Con las películas de Haneke nos queda esa sensación de extrañeza, de perder nuestra identidad, la rutina segura que nos abraza al despertar.
Precisamente, en el desayuno, Anne pierde su salud para siempre y Georges entiende que el amor no es un acto ni un estado. 
El amor es una herramienta. Y cuando se convierte en un gatillo sirve para darle paz al enfermo, a la esposa amada.

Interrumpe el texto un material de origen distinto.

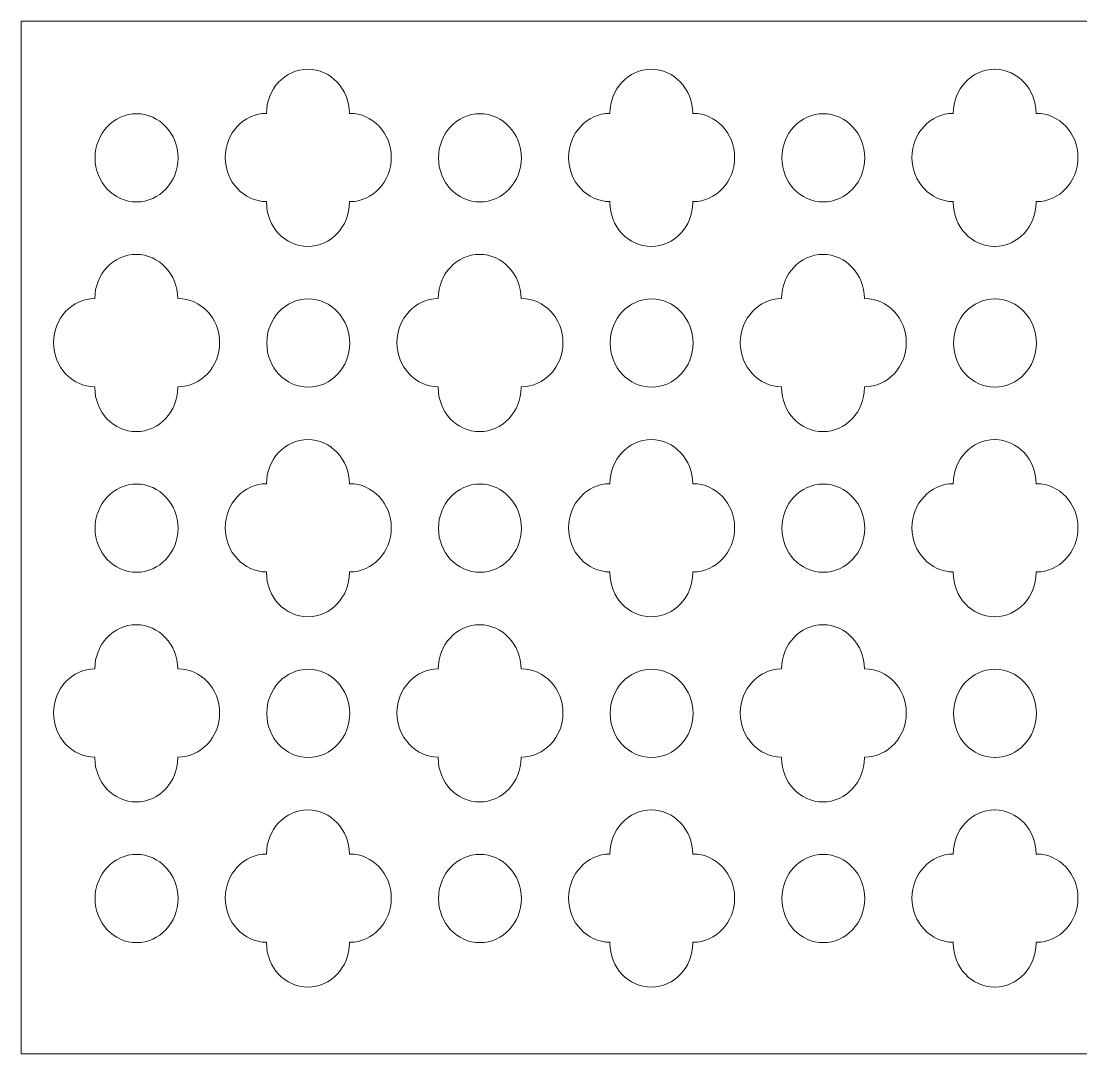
# Model space of a CAD drawing. Header units: centimetres. Extents: x -27.5 to -1.9, y -9.5 to -4.
# Drawn here: x -12.43 to -6.8, y -9.5 to -4.01 of the extents above; entities that cross this region are included whole.
import ezdxf

# ---------------------------------------------------------------- set-up
doc = ezdxf.new("R2010")
doc.units = ezdxf.units.CM
doc.header["$MEASUREMENT"] = 0
doc.layers.add('layer 1', color=7, linetype='Continuous')

msp = doc.modelspace()

# ---------------------------------------------------------------- linework, layer by layer
at = {"layer": 'layer 1', "color": 7, "lineweight": 9}
for points, knots in [([(-1.85083, -4.01419), (-1.85083, -4.01419), (-1.85083, -9.5), (-1.85083, -9.5), (-1.85083, -9.5), (-5.3777, -9.5), (-8.90457, -9.5), (-12.43145, -9.5), (-12.43145, -9.5), (-12.43145, -9.5), (-12.43145, -4.01419), (-12.43145, -4.01419), (-12.43145, -4.01419), (-8.90457, -4.01419), (-5.3777, -4.01419), (-1.85083, -4.01419)], [0, 0, 0, 0, 0.2, 0.2, 0.2, 0.2, 0.4, 0.4, 0.4, 0.4, 0.6, 0.6, 0.6, 0.6, 1, 1, 1, 1]), ([(-10.90728, -4.26951), (-10.78596, -4.26951), (-10.68703, -4.37466), (-10.68687, -4.50369), (-10.68687, -4.50369), (-10.68615, -4.50368), (-10.68544, -4.50366), (-10.68472, -4.50366), (-10.68472, -4.50366), (-10.56331, -4.50366), (-10.46431, -4.60897), (-10.46431, -4.73814), (-10.46431, -4.73814), (-10.46431, -4.86722), (-10.56331, -4.97253), (-10.68472, -4.97253), (-10.68472, -4.97253), (-10.68545, -4.97253), (-10.68618, -4.97251), (-10.68692, -4.97251), (-10.68692, -4.97251), (-10.68689, -4.97383), (-10.68687, -4.97516), (-10.68687, -4.97649), (-10.68687, -4.97649), (-10.68687, -5.10557), (-10.78587, -5.21088), (-10.90728, -5.21088), (-10.90728, -5.21088), (-11.02873, -5.21088), (-11.12773, -5.10557), (-11.12773, -4.97649), (-11.12773, -4.97649), (-11.12773, -4.97516), (-11.1277, -4.97384), (-11.12768, -4.97252), (-11.12768, -4.97252), (-11.24855, -4.97179), (-11.34687, -4.86678), (-11.34687, -4.73814), (-11.34687, -4.73814), (-11.34687, -4.60944), (-11.24857, -4.50443), (-11.12772, -4.50368), (-11.12772, -4.50368), (-11.12756, -4.37465), (-11.02863, -4.26951), (-10.90728, -4.26951)], [0, 0, 0, 0, 0.0769231, 0.0769231, 0.0769231, 0.0769231, 0.1538462, 0.1538462, 0.1538462, 0.1538462, 0.2307692, 0.2307692, 0.2307692, 0.2307692, 0.3076923, 0.3076923, 0.3076923, 0.3076923, 0.3846154, 0.3846154, 0.3846154, 0.3846154, 0.4615385, 0.4615385, 0.4615385, 0.4615385, 0.5384615, 0.5384615, 0.5384615, 0.5384615, 0.6153846, 0.6153846, 0.6153846, 0.6153846, 0.6923077, 0.6923077, 0.6923077, 0.6923077, 0.7692308, 0.7692308, 0.7692308, 0.7692308, 0.8461538, 0.8461538, 0.8461538, 0.8461538, 1, 1, 1, 1]), ([(-9.08229, -4.26951), (-8.96098, -4.26951), (-8.86204, -4.37466), (-8.86188, -4.50369), (-8.86188, -4.50369), (-8.86116, -4.50368), (-8.86045, -4.50366), (-8.85973, -4.50366), (-8.85973, -4.50366), (-8.73832, -4.50366), (-8.63932, -4.60897), (-8.63932, -4.73814), (-8.63932, -4.73814), (-8.63932, -4.86722), (-8.73832, -4.97253), (-8.85973, -4.97253), (-8.85973, -4.97253), (-8.86046, -4.97253), (-8.86119, -4.97251), (-8.86193, -4.97251), (-8.86193, -4.97251), (-8.86191, -4.97383), (-8.86188, -4.97516), (-8.86188, -4.97649), (-8.86188, -4.97649), (-8.86188, -5.10557), (-8.96088, -5.21088), (-9.08229, -5.21088), (-9.08229, -5.21088), (-9.20374, -5.21088), (-9.30274, -5.10557), (-9.30274, -4.97649), (-9.30274, -4.97649), (-9.30274, -4.97516), (-9.30271, -4.97384), (-9.30269, -4.97252), (-9.30269, -4.97252), (-9.42356, -4.97179), (-9.52188, -4.86678), (-9.52188, -4.73814), (-9.52188, -4.73814), (-9.52188, -4.60944), (-9.42359, -4.50443), (-9.30274, -4.50368), (-9.30274, -4.50368), (-9.30257, -4.37465), (-9.20364, -4.26951), (-9.08229, -4.26951)], [0, 0, 0, 0, 0.0769231, 0.0769231, 0.0769231, 0.0769231, 0.1538462, 0.1538462, 0.1538462, 0.1538462, 0.2307692, 0.2307692, 0.2307692, 0.2307692, 0.3076923, 0.3076923, 0.3076923, 0.3076923, 0.3846154, 0.3846154, 0.3846154, 0.3846154, 0.4615385, 0.4615385, 0.4615385, 0.4615385, 0.5384615, 0.5384615, 0.5384615, 0.5384615, 0.6153846, 0.6153846, 0.6153846, 0.6153846, 0.6923077, 0.6923077, 0.6923077, 0.6923077, 0.7692308, 0.7692308, 0.7692308, 0.7692308, 0.8461538, 0.8461538, 0.8461538, 0.8461538, 1, 1, 1, 1]), ([(-7.25561, -4.26954), (-7.2555, -4.26954), (-7.25539, -4.26954), (-7.25528, -4.26954), (-7.25528, -4.26954), (-7.25527, -4.26954), (-7.25527, -4.26954), (-7.25527, -4.26954), (-7.25527, -4.26954), (-7.25524, -4.26954), (-7.25522, -4.26954), (-7.2552, -4.26954), (-7.2552, -4.26954), (-7.13485, -4.27075), (-7.03705, -4.3754), (-7.03689, -4.50369), (-7.03689, -4.50369), (-7.03617, -4.50368), (-7.03546, -4.50366), (-7.03474, -4.50366), (-7.03474, -4.50366), (-6.91333, -4.50366), (-6.81433, -4.60897), (-6.81433, -4.73814), (-6.81433, -4.73814), (-6.81433, -4.86722), (-6.91333, -4.97253), (-7.03474, -4.97253), (-7.03474, -4.97253), (-7.03548, -4.97253), (-7.0362, -4.97251), (-7.03694, -4.97251), (-7.03694, -4.97251), (-7.03692, -4.97383), (-7.03689, -4.97516), (-7.03689, -4.97649), (-7.03689, -4.97649), (-7.03689, -5.10485), (-7.13479, -5.20968), (-7.25526, -5.21085), (-7.25526, -5.21085), (-7.25528, -5.21085), (-7.25529, -5.21085), (-7.25531, -5.21085), (-7.25531, -5.21085), (-7.25532, -5.21085), (-7.25533, -5.21085), (-7.25534, -5.21085), (-7.25534, -5.21085), (-7.25543, -5.21086), (-7.25552, -5.21086), (-7.25561, -5.21086), (-7.25561, -5.21086), (-7.25618, -5.21086), (-7.25674, -5.21088), (-7.2573, -5.21088), (-7.2573, -5.21088), (-7.37875, -5.21088), (-7.47775, -5.10557), (-7.47775, -4.97649), (-7.47775, -4.97649), (-7.47775, -4.97516), (-7.47772, -4.97384), (-7.4777, -4.97252), (-7.4777, -4.97252), (-7.59857, -4.97179), (-7.69689, -4.86678), (-7.69689, -4.73814), (-7.69689, -4.73814), (-7.69689, -4.60944), (-7.5986, -4.50443), (-7.47775, -4.50368), (-7.47775, -4.50368), (-7.47758, -4.37465), (-7.37865, -4.26951), (-7.2573, -4.26951), (-7.2573, -4.26951), (-7.25674, -4.26951), (-7.25618, -4.26953), (-7.25561, -4.26954)], [0, 0, 0, 0, 0.047619, 0.047619, 0.047619, 0.047619, 0.0952381, 0.0952381, 0.0952381, 0.0952381, 0.1428571, 0.1428571, 0.1428571, 0.1428571, 0.1904762, 0.1904762, 0.1904762, 0.1904762, 0.2380952, 0.2380952, 0.2380952, 0.2380952, 0.2857143, 0.2857143, 0.2857143, 0.2857143, 0.3333333, 0.3333333, 0.3333333, 0.3333333, 0.3809524, 0.3809524, 0.3809524, 0.3809524, 0.4285714, 0.4285714, 0.4285714, 0.4285714, 0.4761905, 0.4761905, 0.4761905, 0.4761905, 0.5238095, 0.5238095, 0.5238095, 0.5238095, 0.5714286, 0.5714286, 0.5714286, 0.5714286, 0.6190476, 0.6190476, 0.6190476, 0.6190476, 0.6666667, 0.6666667, 0.6666667, 0.6666667, 0.7142857, 0.7142857, 0.7142857, 0.7142857, 0.7619048, 0.7619048, 0.7619048, 0.7619048, 0.8095238, 0.8095238, 0.8095238, 0.8095238, 0.8571429, 0.8571429, 0.8571429, 0.8571429, 0.9047619, 0.9047619, 0.9047619, 0.9047619, 1, 1, 1, 1]), ([(-11.81806, -4.50576), (-11.69666, -4.50576), (-11.59766, -4.61107), (-11.59766, -4.74024), (-11.59766, -4.74024), (-11.59766, -4.86932), (-11.69666, -4.97463), (-11.81806, -4.97463), (-11.81806, -4.97463), (-11.93951, -4.97463), (-12.03852, -4.86932), (-12.03852, -4.74024), (-12.03852, -4.74024), (-12.03852, -4.61107), (-11.93951, -4.50576), (-11.81806, -4.50576)], [0, 0, 0, 0, 0.2, 0.2, 0.2, 0.2, 0.4, 0.4, 0.4, 0.4, 0.6, 0.6, 0.6, 0.6, 1, 1, 1, 1]), ([(-9.99307, -4.50576), (-9.87167, -4.50576), (-9.77267, -4.61107), (-9.77267, -4.74024), (-9.77267, -4.74024), (-9.77267, -4.86932), (-9.87167, -4.97463), (-9.99307, -4.97463), (-9.99307, -4.97463), (-10.11453, -4.97463), (-10.21353, -4.86932), (-10.21353, -4.74024), (-10.21353, -4.74024), (-10.21353, -4.61107), (-10.11453, -4.50576), (-9.99307, -4.50576)], [0, 0, 0, 0, 0.2, 0.2, 0.2, 0.2, 0.4, 0.4, 0.4, 0.4, 0.6, 0.6, 0.6, 0.6, 1, 1, 1, 1]), ([(-8.16808, -4.50576), (-8.04668, -4.50576), (-7.94767, -4.61107), (-7.94767, -4.74024), (-7.94767, -4.74024), (-7.94767, -4.86932), (-8.04668, -4.97463), (-8.16808, -4.97463), (-8.16808, -4.97463), (-8.28953, -4.97463), (-8.38854, -4.86932), (-8.38854, -4.74024), (-8.38854, -4.74024), (-8.38854, -4.61107), (-8.28953, -4.50576), (-8.16808, -4.50576)], [0, 0, 0, 0, 0.2, 0.2, 0.2, 0.2, 0.4, 0.4, 0.4, 0.4, 0.6, 0.6, 0.6, 0.6, 1, 1, 1, 1]), ([(-11.81977, -5.25324), (-11.69846, -5.25324), (-11.59952, -5.35839), (-11.59937, -5.48742), (-11.59937, -5.48742), (-11.59865, -5.48741), (-11.59793, -5.48739), (-11.59721, -5.48739), (-11.59721, -5.48739), (-11.4758, -5.48739), (-11.3768, -5.5927), (-11.3768, -5.72187), (-11.3768, -5.72187), (-11.3768, -5.85095), (-11.4758, -5.95626), (-11.59721, -5.95626), (-11.59721, -5.95626), (-11.59795, -5.95626), (-11.59868, -5.95624), (-11.59941, -5.95623), (-11.59941, -5.95623), (-11.59939, -5.95756), (-11.59936, -5.95889), (-11.59936, -5.96022), (-11.59936, -5.96022), (-11.59936, -6.0893), (-11.69836, -6.19461), (-11.81977, -6.19461), (-11.81977, -6.19461), (-11.94122, -6.19461), (-12.04022, -6.0893), (-12.04022, -5.96022), (-12.04022, -5.96022), (-12.04022, -5.95889), (-12.0402, -5.95757), (-12.04017, -5.95625), (-12.04017, -5.95625), (-12.16105, -5.95552), (-12.25936, -5.85051), (-12.25936, -5.72187), (-12.25936, -5.72187), (-12.25936, -5.59316), (-12.16107, -5.48816), (-12.04022, -5.48741), (-12.04022, -5.48741), (-12.04005, -5.35838), (-11.94112, -5.25324), (-11.81977, -5.25324)], [0, 0, 0, 0, 0.0769231, 0.0769231, 0.0769231, 0.0769231, 0.1538462, 0.1538462, 0.1538462, 0.1538462, 0.2307692, 0.2307692, 0.2307692, 0.2307692, 0.3076923, 0.3076923, 0.3076923, 0.3076923, 0.3846154, 0.3846154, 0.3846154, 0.3846154, 0.4615385, 0.4615385, 0.4615385, 0.4615385, 0.5384615, 0.5384615, 0.5384615, 0.5384615, 0.6153846, 0.6153846, 0.6153846, 0.6153846, 0.6923077, 0.6923077, 0.6923077, 0.6923077, 0.7692308, 0.7692308, 0.7692308, 0.7692308, 0.8461538, 0.8461538, 0.8461538, 0.8461538, 1, 1, 1, 1]), ([(-9.99478, -5.25324), (-9.87347, -5.25324), (-9.77454, -5.35839), (-9.77438, -5.48742), (-9.77438, -5.48742), (-9.77366, -5.48741), (-9.77294, -5.48739), (-9.77222, -5.48739), (-9.77222, -5.48739), (-9.65082, -5.48739), (-9.55181, -5.5927), (-9.55181, -5.72187), (-9.55181, -5.72187), (-9.55181, -5.85095), (-9.65082, -5.95626), (-9.77222, -5.95626), (-9.77222, -5.95626), (-9.77296, -5.95626), (-9.77369, -5.95624), (-9.77442, -5.95623), (-9.77442, -5.95623), (-9.7744, -5.95756), (-9.77437, -5.95889), (-9.77437, -5.96022), (-9.77437, -5.96022), (-9.77437, -6.0893), (-9.87337, -6.19461), (-9.99478, -6.19461), (-9.99478, -6.19461), (-10.11623, -6.19461), (-10.21523, -6.0893), (-10.21523, -5.96022), (-10.21523, -5.96022), (-10.21523, -5.95889), (-10.2152, -5.95757), (-10.21519, -5.95625), (-10.21519, -5.95625), (-10.33606, -5.95552), (-10.43437, -5.85051), (-10.43437, -5.72187), (-10.43437, -5.72187), (-10.43437, -5.59316), (-10.33608, -5.48816), (-10.21523, -5.48741), (-10.21523, -5.48741), (-10.21506, -5.35838), (-10.11613, -5.25324), (-9.99478, -5.25324)], [0, 0, 0, 0, 0.0769231, 0.0769231, 0.0769231, 0.0769231, 0.1538462, 0.1538462, 0.1538462, 0.1538462, 0.2307692, 0.2307692, 0.2307692, 0.2307692, 0.3076923, 0.3076923, 0.3076923, 0.3076923, 0.3846154, 0.3846154, 0.3846154, 0.3846154, 0.4615385, 0.4615385, 0.4615385, 0.4615385, 0.5384615, 0.5384615, 0.5384615, 0.5384615, 0.6153846, 0.6153846, 0.6153846, 0.6153846, 0.6923077, 0.6923077, 0.6923077, 0.6923077, 0.7692308, 0.7692308, 0.7692308, 0.7692308, 0.8461538, 0.8461538, 0.8461538, 0.8461538, 1, 1, 1, 1]), ([(-8.16979, -5.25324), (-8.04848, -5.25324), (-7.94954, -5.35839), (-7.94939, -5.48742), (-7.94939, -5.48742), (-7.94867, -5.48741), (-7.94795, -5.48739), (-7.94724, -5.48739), (-7.94724, -5.48739), (-7.82583, -5.48739), (-7.72683, -5.5927), (-7.72683, -5.72187), (-7.72683, -5.72187), (-7.72683, -5.85095), (-7.82583, -5.95626), (-7.94724, -5.95626), (-7.94724, -5.95626), (-7.94797, -5.95626), (-7.9487, -5.95624), (-7.94943, -5.95623), (-7.94943, -5.95623), (-7.94941, -5.95756), (-7.94938, -5.95889), (-7.94938, -5.96022), (-7.94938, -5.96022), (-7.94938, -6.0893), (-8.04839, -6.19461), (-8.16979, -6.19461), (-8.16979, -6.19461), (-8.29124, -6.19461), (-8.39025, -6.0893), (-8.39025, -5.96022), (-8.39025, -5.96022), (-8.39025, -5.95889), (-8.39022, -5.95757), (-8.3902, -5.95625), (-8.3902, -5.95625), (-8.51107, -5.95552), (-8.60938, -5.85051), (-8.60938, -5.72187), (-8.60938, -5.72187), (-8.60938, -5.59316), (-8.51109, -5.48816), (-8.39024, -5.48741), (-8.39024, -5.48741), (-8.39007, -5.35838), (-8.29114, -5.25324), (-8.16979, -5.25324)], [0, 0, 0, 0, 0.0769231, 0.0769231, 0.0769231, 0.0769231, 0.1538462, 0.1538462, 0.1538462, 0.1538462, 0.2307692, 0.2307692, 0.2307692, 0.2307692, 0.3076923, 0.3076923, 0.3076923, 0.3076923, 0.3846154, 0.3846154, 0.3846154, 0.3846154, 0.4615385, 0.4615385, 0.4615385, 0.4615385, 0.5384615, 0.5384615, 0.5384615, 0.5384615, 0.6153846, 0.6153846, 0.6153846, 0.6153846, 0.6923077, 0.6923077, 0.6923077, 0.6923077, 0.7692308, 0.7692308, 0.7692308, 0.7692308, 0.8461538, 0.8461538, 0.8461538, 0.8461538, 1, 1, 1, 1]), ([(-10.90557, -5.48949), (-10.78416, -5.48949), (-10.68516, -5.5948), (-10.68516, -5.72397), (-10.68516, -5.72397), (-10.68516, -5.85305), (-10.78416, -5.95836), (-10.90557, -5.95836), (-10.90557, -5.95836), (-11.02702, -5.95836), (-11.12602, -5.85305), (-11.12602, -5.72397), (-11.12602, -5.72397), (-11.12602, -5.5948), (-11.02702, -5.48949), (-10.90557, -5.48949)], [0, 0, 0, 0, 0.2, 0.2, 0.2, 0.2, 0.4, 0.4, 0.4, 0.4, 0.6, 0.6, 0.6, 0.6, 1, 1, 1, 1]), ([(-9.08058, -5.48949), (-8.95917, -5.48949), (-8.86017, -5.5948), (-8.86017, -5.72397), (-8.86017, -5.72397), (-8.86017, -5.85305), (-8.95917, -5.95836), (-9.08058, -5.95836), (-9.08058, -5.95836), (-9.20203, -5.95836), (-9.30103, -5.85305), (-9.30103, -5.72397), (-9.30103, -5.72397), (-9.30103, -5.5948), (-9.20203, -5.48949), (-9.08058, -5.48949)], [0, 0, 0, 0, 0.2, 0.2, 0.2, 0.2, 0.4, 0.4, 0.4, 0.4, 0.6, 0.6, 0.6, 0.6, 1, 1, 1, 1]), ([(-7.25561, -5.48949), (-7.2556, -5.48949), (-7.2556, -5.48949), (-7.25559, -5.48949), (-7.25559, -5.48949), (-7.25551, -5.48949), (-7.25543, -5.48949), (-7.25535, -5.48949), (-7.25535, -5.48949), (-7.25534, -5.48949), (-7.25533, -5.48949), (-7.25532, -5.48949), (-7.25532, -5.48949), (-7.25531, -5.48949), (-7.25529, -5.48949), (-7.25528, -5.48949), (-7.25528, -5.48949), (-7.13401, -5.48967), (-7.03518, -5.59491), (-7.03518, -5.72397), (-7.03518, -5.72397), (-7.03518, -5.85295), (-7.13403, -5.9582), (-7.25532, -5.95836), (-7.25532, -5.95836), (-7.25532, -5.95836), (-7.25534, -5.95836), (-7.25535, -5.95836), (-7.25535, -5.95836), (-7.25536, -5.95836), (-7.25537, -5.95836), (-7.25538, -5.95836), (-7.25538, -5.95836), (-7.25545, -5.95836), (-7.25552, -5.95836), (-7.25559, -5.95836), (-7.25559, -5.95836), (-7.2556, -5.95836), (-7.2556, -5.95836), (-7.25561, -5.95836), (-7.25561, -5.95836), (-7.37705, -5.95835), (-7.47604, -5.85305), (-7.47604, -5.72397), (-7.47604, -5.72397), (-7.47604, -5.59481), (-7.37705, -5.4895), (-7.25561, -5.48949)], [0, 0, 0, 0, 0.0769231, 0.0769231, 0.0769231, 0.0769231, 0.1538462, 0.1538462, 0.1538462, 0.1538462, 0.2307692, 0.2307692, 0.2307692, 0.2307692, 0.3076923, 0.3076923, 0.3076923, 0.3076923, 0.3846154, 0.3846154, 0.3846154, 0.3846154, 0.4615385, 0.4615385, 0.4615385, 0.4615385, 0.5384615, 0.5384615, 0.5384615, 0.5384615, 0.6153846, 0.6153846, 0.6153846, 0.6153846, 0.6923077, 0.6923077, 0.6923077, 0.6923077, 0.7692308, 0.7692308, 0.7692308, 0.7692308, 0.8461538, 0.8461538, 0.8461538, 0.8461538, 1, 1, 1, 1]), ([(-10.90728, -6.23697), (-10.78596, -6.23697), (-10.68703, -6.34212), (-10.68687, -6.47115), (-10.68687, -6.47115), (-10.68615, -6.47114), (-10.68544, -6.47112), (-10.68472, -6.47112), (-10.68472, -6.47112), (-10.56331, -6.47112), (-10.46431, -6.57643), (-10.46431, -6.7056), (-10.46431, -6.7056), (-10.46431, -6.83468), (-10.56331, -6.93999), (-10.68472, -6.93999), (-10.68472, -6.93999), (-10.68545, -6.93999), (-10.68618, -6.93997), (-10.68692, -6.93996), (-10.68692, -6.93996), (-10.68689, -6.94129), (-10.68687, -6.94261), (-10.68687, -6.94395), (-10.68687, -6.94395), (-10.68687, -7.07303), (-10.78587, -7.17834), (-10.90728, -7.17834), (-10.90728, -7.17834), (-11.02873, -7.17834), (-11.12773, -7.07303), (-11.12773, -6.94395), (-11.12773, -6.94395), (-11.12773, -6.94262), (-11.1277, -6.9413), (-11.12768, -6.93997), (-11.12768, -6.93997), (-11.24855, -6.93924), (-11.34687, -6.83423), (-11.34687, -6.7056), (-11.34687, -6.7056), (-11.34687, -6.57689), (-11.24857, -6.47189), (-11.12772, -6.47114), (-11.12772, -6.47114), (-11.12756, -6.34211), (-11.02863, -6.23697), (-10.90728, -6.23697)], [0, 0, 0, 0, 0.0769231, 0.0769231, 0.0769231, 0.0769231, 0.1538462, 0.1538462, 0.1538462, 0.1538462, 0.2307692, 0.2307692, 0.2307692, 0.2307692, 0.3076923, 0.3076923, 0.3076923, 0.3076923, 0.3846154, 0.3846154, 0.3846154, 0.3846154, 0.4615385, 0.4615385, 0.4615385, 0.4615385, 0.5384615, 0.5384615, 0.5384615, 0.5384615, 0.6153846, 0.6153846, 0.6153846, 0.6153846, 0.6923077, 0.6923077, 0.6923077, 0.6923077, 0.7692308, 0.7692308, 0.7692308, 0.7692308, 0.8461538, 0.8461538, 0.8461538, 0.8461538, 1, 1, 1, 1]), ([(-9.08229, -6.23697), (-8.96098, -6.23697), (-8.86204, -6.34212), (-8.86188, -6.47115), (-8.86188, -6.47115), (-8.86116, -6.47114), (-8.86045, -6.47112), (-8.85973, -6.47112), (-8.85973, -6.47112), (-8.73832, -6.47112), (-8.63932, -6.57643), (-8.63932, -6.7056), (-8.63932, -6.7056), (-8.63932, -6.83468), (-8.73832, -6.93999), (-8.85973, -6.93999), (-8.85973, -6.93999), (-8.86046, -6.93999), (-8.86119, -6.93997), (-8.86193, -6.93996), (-8.86193, -6.93996), (-8.86191, -6.94129), (-8.86188, -6.94261), (-8.86188, -6.94395), (-8.86188, -6.94395), (-8.86188, -7.07303), (-8.96088, -7.17834), (-9.08229, -7.17834), (-9.08229, -7.17834), (-9.20374, -7.17834), (-9.30274, -7.07303), (-9.30274, -6.94395), (-9.30274, -6.94395), (-9.30274, -6.94262), (-9.30271, -6.9413), (-9.30269, -6.93997), (-9.30269, -6.93997), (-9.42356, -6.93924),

Ahora que Douglas vive en Italia, en una pequeña casa en la Costa Amalfitana, vestido con bermuda y una camisa de flores, siempre tan guapo y con su barba canosa, pienso en lo que me dijo al despedirse con beso en mi boca: “La película de Michael Haneke nos enseña que sí es posible amar hasta que la muerte nos separe”.
*La señorita Kenton es una sencilla ama de llaves, muy responsable y trabajadora, que brindó sus buenos oficios en la mansión Darlington, en Inglaterra, hasta cuando cumplió 50 años. Ahora reside en la ciudad de Nueva York y conoció de cerca el barrio La Floresta de Quito, en un invierno muy lejano y un paseo muy breve. Ochoymedio da la bienvenida a su pluma y augura que sus columnas no sean esporádicas y que nos deleite con su buen gusto.